■ **WHAT THE TASK REQUIRES**:
Reproduce the records below exactly as they appear, omitting any pictures they contain.

▼

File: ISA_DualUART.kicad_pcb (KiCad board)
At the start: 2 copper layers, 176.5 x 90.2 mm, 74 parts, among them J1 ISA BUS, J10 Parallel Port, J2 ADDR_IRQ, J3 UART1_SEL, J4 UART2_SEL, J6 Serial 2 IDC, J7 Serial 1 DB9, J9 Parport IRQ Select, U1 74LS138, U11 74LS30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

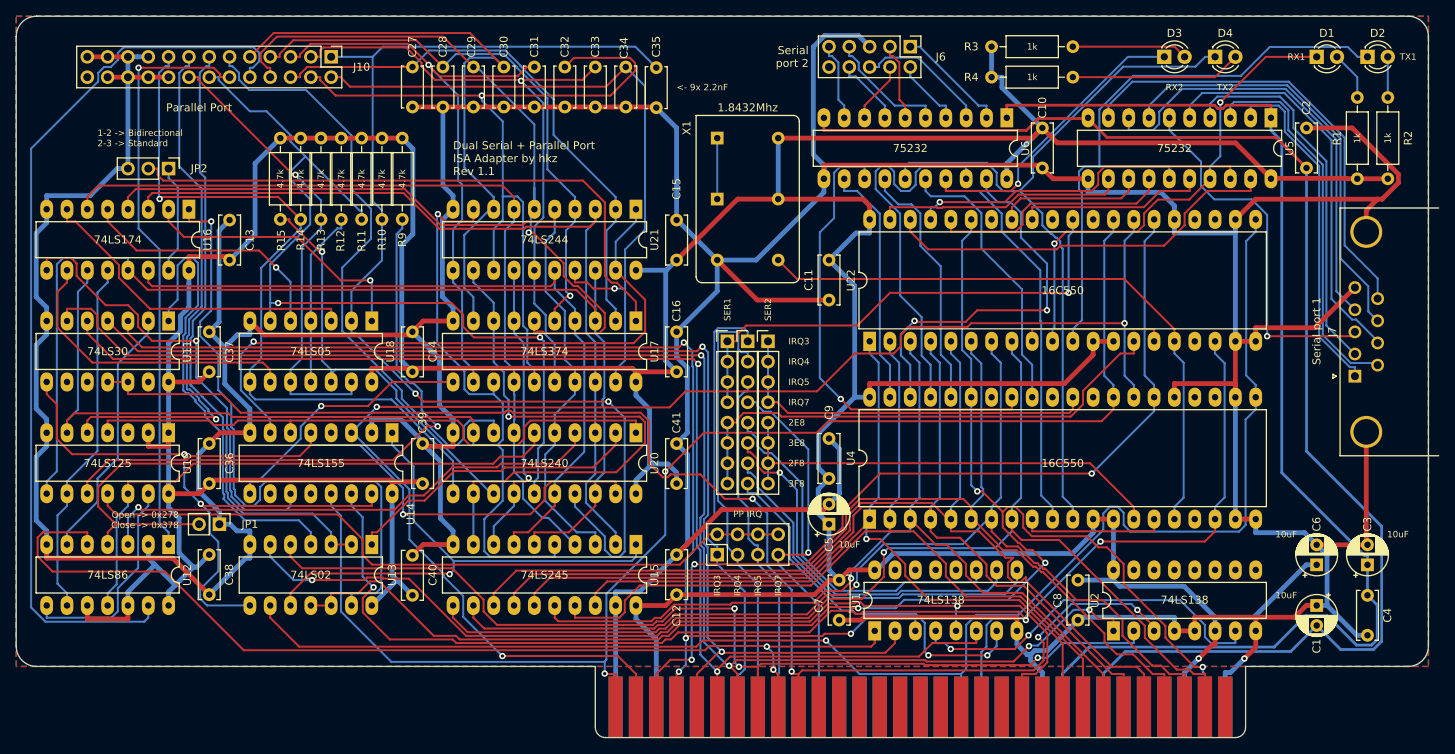
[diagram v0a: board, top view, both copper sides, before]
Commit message: Slightly better silkscreen
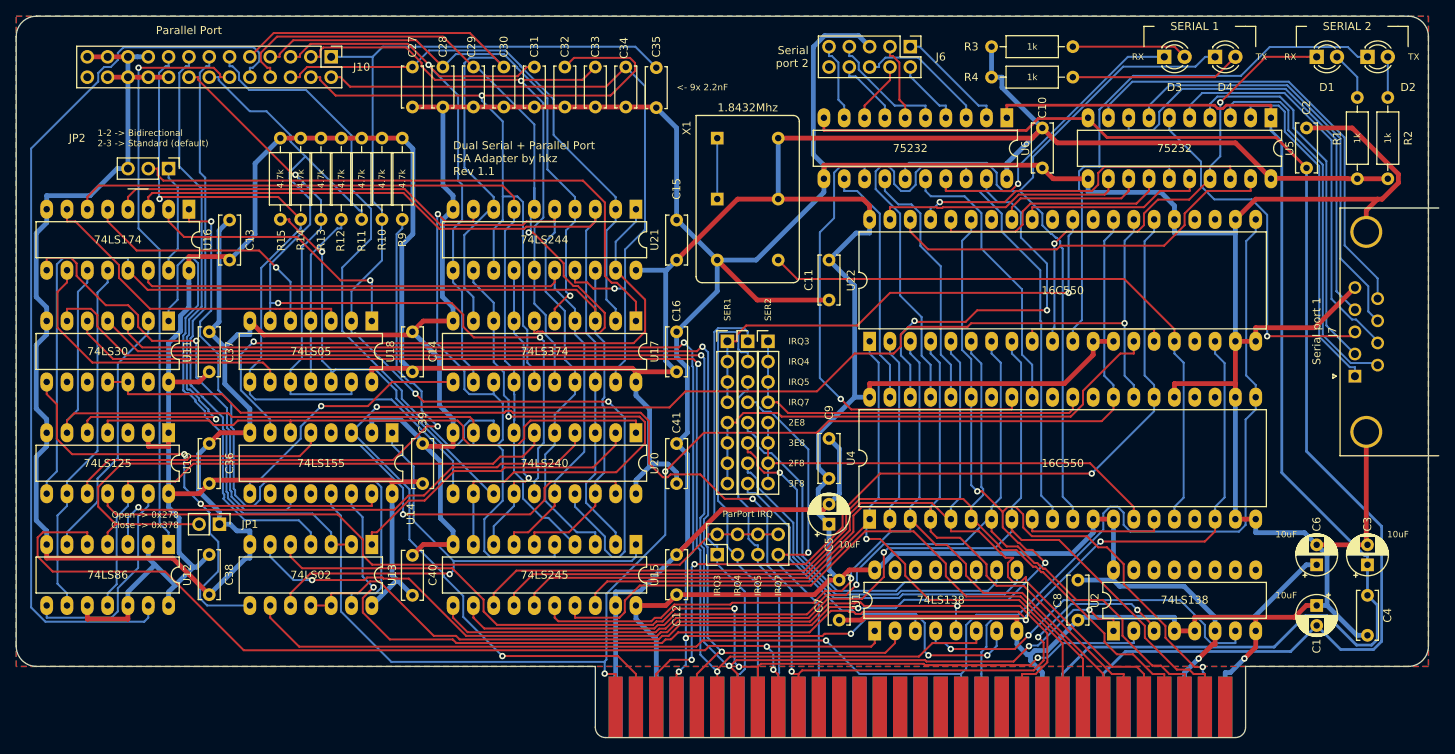
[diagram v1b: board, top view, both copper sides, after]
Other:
- board text added: "1-2 -> Bidirectional 2-3 -> Standard (default)"
- board text added: "ParPort IRQ"
- board text added: "RX"
- board text added: "SERIAL 1"
- board text added: "SERIAL 2"
- board text added: "TX"
- board text removed: "1-2 -> Bidirectional 2-3 -> Standard"
- board text removed: "PP IRQ"
- board text removed: "RX1"
- board text removed: "RX2"
- board text removed: "TX1"
- board text removed: "TX2"
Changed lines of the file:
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@@
   (general
     (thickness 1.6)
-    (drawings 76)
+    (drawings 89)
     (tracks 2452)
     (zones 0)
@@
   (page A3)
   (layers
-    (0 F.Cu signal)
-    (31 B.Cu signal)
+    (0 F.Cu signal hide)
+    (31 B.Cu signal hide)
     (32 B.Adhes user)
     (33 F.Adhes user)
@@
     (descr "Through hole straight pin header, 1x03, 2.54mm pitch, single row")
     (tags "Through hole pin header THT 1x03 2.54mm single row")
-    (fp_text reference JP2 (at 0 -3.81) (layer F.SilkS)
+    (fp_text reference JP2 (at -3.81 11.43) (layer F.SilkS)
       (effects (font (size 1 1) (thickness 0.15)))
     )
@@
     (descr "LED, diameter 3.0mm, 2 pins")
     (tags "LED diameter 3.0mm 2 pins")
-    (fp_text reference D4 (at 1.27 -2.96) (layer F.SilkS)
+    (fp_text reference D4 (at 1.27 3.81) (layer F.SilkS)
       (effects (font (size 1 1) (thickness 0.15)))
     )
@@
     (descr "LED, diameter 3.0mm, 2 pins")
     (tags "LED diameter 3.0mm 2 pins")
-    (fp_text reference D3 (at 1.27 -2.96) (layer F.SilkS)
+    (fp_text reference D3 (at 1.27 3.81) (layer F.SilkS)
       (effects (font (size 1 1) (thickness 0.15)))
     )
@@
     (descr "LED, diameter 3.0mm, 2 pins")
     (tags "LED diameter 3.0mm 2 pins")
-    (fp_text reference D2 (at 1.27 -2.96) (layer F.SilkS)
+    (fp_text reference D2 (at 5.08 3.81) (layer F.SilkS)
       (effects (font (size 1 1) (thickness 0.15)))
     )
@@
     (descr "LED, diameter 3.0mm, 2 pins")
     (tags "LED diameter 3.0mm 2 pins")
-    (fp_text reference D1 (at 1.27 -2.96) (layer F.SilkS)
+    (fp_text reference D1 (at 1.27 3.81) (layer F.SilkS)
       (effects (font (size 1 1) (thickness 0.15)))
     )
@@
     )
   )
+  (gr_line (start 152.4 134.62) (end 154.94 134.62) (layer F.SilkS) (width 0.12))
+  (gr_line (start 292.1 114.3) (end 290.83 114.3) (layer F.SilkS) (width 0.12))
+  (gr_line (start 311.15 114.3) (end 309.88 114.3) (layer F.SilkS) (width 0.12))
+  (gr_line (start 312.42 114.3) (end 311.15 114.3) (layer F.SilkS) (width 0.12))
+  (gr_line (start 312.42 116.84) (end 312.42 114.3) (layer F.SilkS) (width 0.12))
+  (gr_line (start 298.45 114.3) (end 299.72 114.3) (layer F.SilkS) (width 0.12))
+  (gr_line (start 298.45 116.84) (end 298.45 114.3) (layer F.SilkS) (width 0.12))
+  (gr_line (start 293.37 114.3) (end 292.1 114.3) (layer F.SilkS) (width 0.12))
+  (gr_line (start 293.37 116.84) (end 293.37 114.3) (layer F.SilkS) (width 0.12))
+  (gr_line (start 279.4 114.3) (end 280.67 114.3) (layer F.SilkS) (width 0.12))
+  (gr_line (start 279.4 116.84) (end 279.4 114.3) (layer F.SilkS) (width 0.12))
+  (gr_text "SERIAL 2" (at 304.8 114.3) (layer F.SilkS)
+    (effects (font (size 1 1) (thickness 0.25)))
+  )
+  (gr_text "SERIAL 1" (at 285.75 114.3) (layer F.SilkS)
+    (effects (font (size 1 1) (thickness 0.25)))
+  )
   (gr_text 10uF (at 297.18 185.42) (layer F.SilkS)
     (effects (font (size 0.8 0.8) (thickness 0.15)))
@@
     (effects (font (size 1 1) (thickness 0.15)))
   )
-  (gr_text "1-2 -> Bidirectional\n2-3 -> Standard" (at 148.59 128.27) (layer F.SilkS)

▲

■ **EXERCISE RESPONSE**:
File: ISA_DualUART.kicad_pcb (KiCad board)
At the start: 2 copper layers, 176.5 x 90.2 mm, 74 parts, among them J1 ISA BUS, J10 Parallel Port, J2 ADDR_IRQ, J3 UART1_SEL, J4 UART2_SEL, J6 Serial 2 IDC, J7 Serial 1 DB9, J9 Parport IRQ Select, U1 74LS138, U11 74LS30

[diagram v0a: board, top view, both copper sides, before]
Commit message: Slightly better silkscreen
[diagram v1b: board, top view, both copper sides, after]
Other:
- board text added: "1-2 -> Bidirectional 2-3 -> Standard (default)"
- board text added: "ParPort IRQ"
- board text added: "RX"
- board text added: "SERIAL 1"
- board text added: "SERIAL 2"
- board text added: "TX"
- board text removed: "1-2 -> Bidirectional 2-3 -> Standard"
- board text removed: "PP IRQ"
- board text removed: "RX1"
- board text removed: "RX2"
- board text removed: "TX1"
- board text removed: "TX2"
Changed lines of the file:
@@
   (general
     (thickness 1.6)
-    (drawings 76)
+    (drawings 89)
     (tracks 2452)
     (zones 0)
@@
   (page A3)
   (layers
-    (0 F.Cu signal)
-    (31 B.Cu signal)
+    (0 F.Cu signal hide)
+    (31 B.Cu signal hide)
     (32 B.Adhes user)
     (33 F.Adhes user)
@@
     (descr "Through hole straight pin header, 1x03, 2.54mm pitch, single row")
     (tags "Through hole pin header THT 1x03 2.54mm single row")
-    (fp_text reference JP2 (at 0 -3.81) (layer F.SilkS)
+    (fp_text reference JP2 (at -3.81 11.43) (layer F.SilkS)
       (effects (font (size 1 1) (thickness 0.15)))
     )
@@
     (descr "LED, diameter 3.0mm, 2 pins")
     (tags "LED diameter 3.0mm 2 pins")
-    (fp_text reference D4 (at 1.27 -2.96) (layer F.SilkS)
+    (fp_text reference D4 (at 1.27 3.81) (layer F.SilkS)
       (effects (font (size 1 1) (thickness 0.15)))
     )
@@
     (descr "LED, diameter 3.0mm, 2 pins")
     (tags "LED diameter 3.0mm 2 pins")
-    (fp_text reference D3 (at 1.27 -2.96) (layer F.SilkS)
+    (fp_text reference D3 (at 1.27 3.81) (layer F.SilkS)
       (effects (font (size 1 1) (thickness 0.15)))
     )
@@
     (descr "LED, diameter 3.0mm, 2 pins")
     (tags "LED diameter 3.0mm 2 pins")
-    (fp_text reference D2 (at 1.27 -2.96) (layer F.SilkS)
+    (fp_text reference D2 (at 5.08 3.81) (layer F.SilkS)
       (effects (font (size 1 1) (thickness 0.15)))
     )
@@
     (descr "LED, diameter 3.0mm, 2 pins")
     (tags "LED diameter 3.0mm 2 pins")
-    (fp_text reference D1 (at 1.27 -2.96) (layer F.SilkS)
+    (fp_text reference D1 (at 1.27 3.81) (layer F.SilkS)
       (effects (font (size 1 1) (thickness 0.15)))
     )
@@
     )
   )
+  (gr_line (start 152.4 134.62) (end 154.94 134.62) (layer F.SilkS) (width 0.12))
+  (gr_line (start 292.1 114.3) (end 290.83 114.3) (layer F.SilkS) (width 0.12))
+  (gr_line (start 311.15 114.3) (end 309.88 114.3) (layer F.SilkS) (width 0.12))
+  (gr_line (start 312.42 114.3) (end 311.15 114.3) (layer F.SilkS) (width 0.12))
+  (gr_line (start 312.42 116.84) (end 312.42 114.3) (layer F.SilkS) (width 0.12))
+  (gr_line (start 298.45 114.3) (end 299.72 114.3) (layer F.SilkS) (width 0.12))
+  (gr_line (start 298.45 116.84) (end 298.45 114.3) (layer F.SilkS) (width 0.12))
+  (gr_line (start 293.37 114.3) (end 292.1 114.3) (layer F.SilkS) (width 0.12))
+  (gr_line (start 293.37 116.84) (end 293.37 114.3) (layer F.SilkS) (width 0.12))
+  (gr_line (start 279.4 114.3) (end 280.67 114.3) (layer F.SilkS) (width 0.12))
+  (gr_line (start 279.4 116.84) (end 279.4 114.3) (layer F.SilkS) (width 0.12))
+  (gr_text "SERIAL 2" (at 304.8 114.3) (layer F.SilkS)
+    (effects (font (size 1 1) (thickness 0.25)))
+  )
+  (gr_text "SERIAL 1" (at 285.75 114.3) (layer F.SilkS)
+    (effects (font (size 1 1) (thickness 0.25)))
+  )
   (gr_text 10uF (at 297.18 185.42) (layer F.SilkS)
     (effects (font (size 0.8 0.8) (thickness 0.15)))
@@
     (effects (font (size 1 1) (thickness 0.15)))
   )
-  (gr_text "1-2 -> Bidirectional\n2-3 -> Standard" (at 148.59 128.27) (layer F.SilkS)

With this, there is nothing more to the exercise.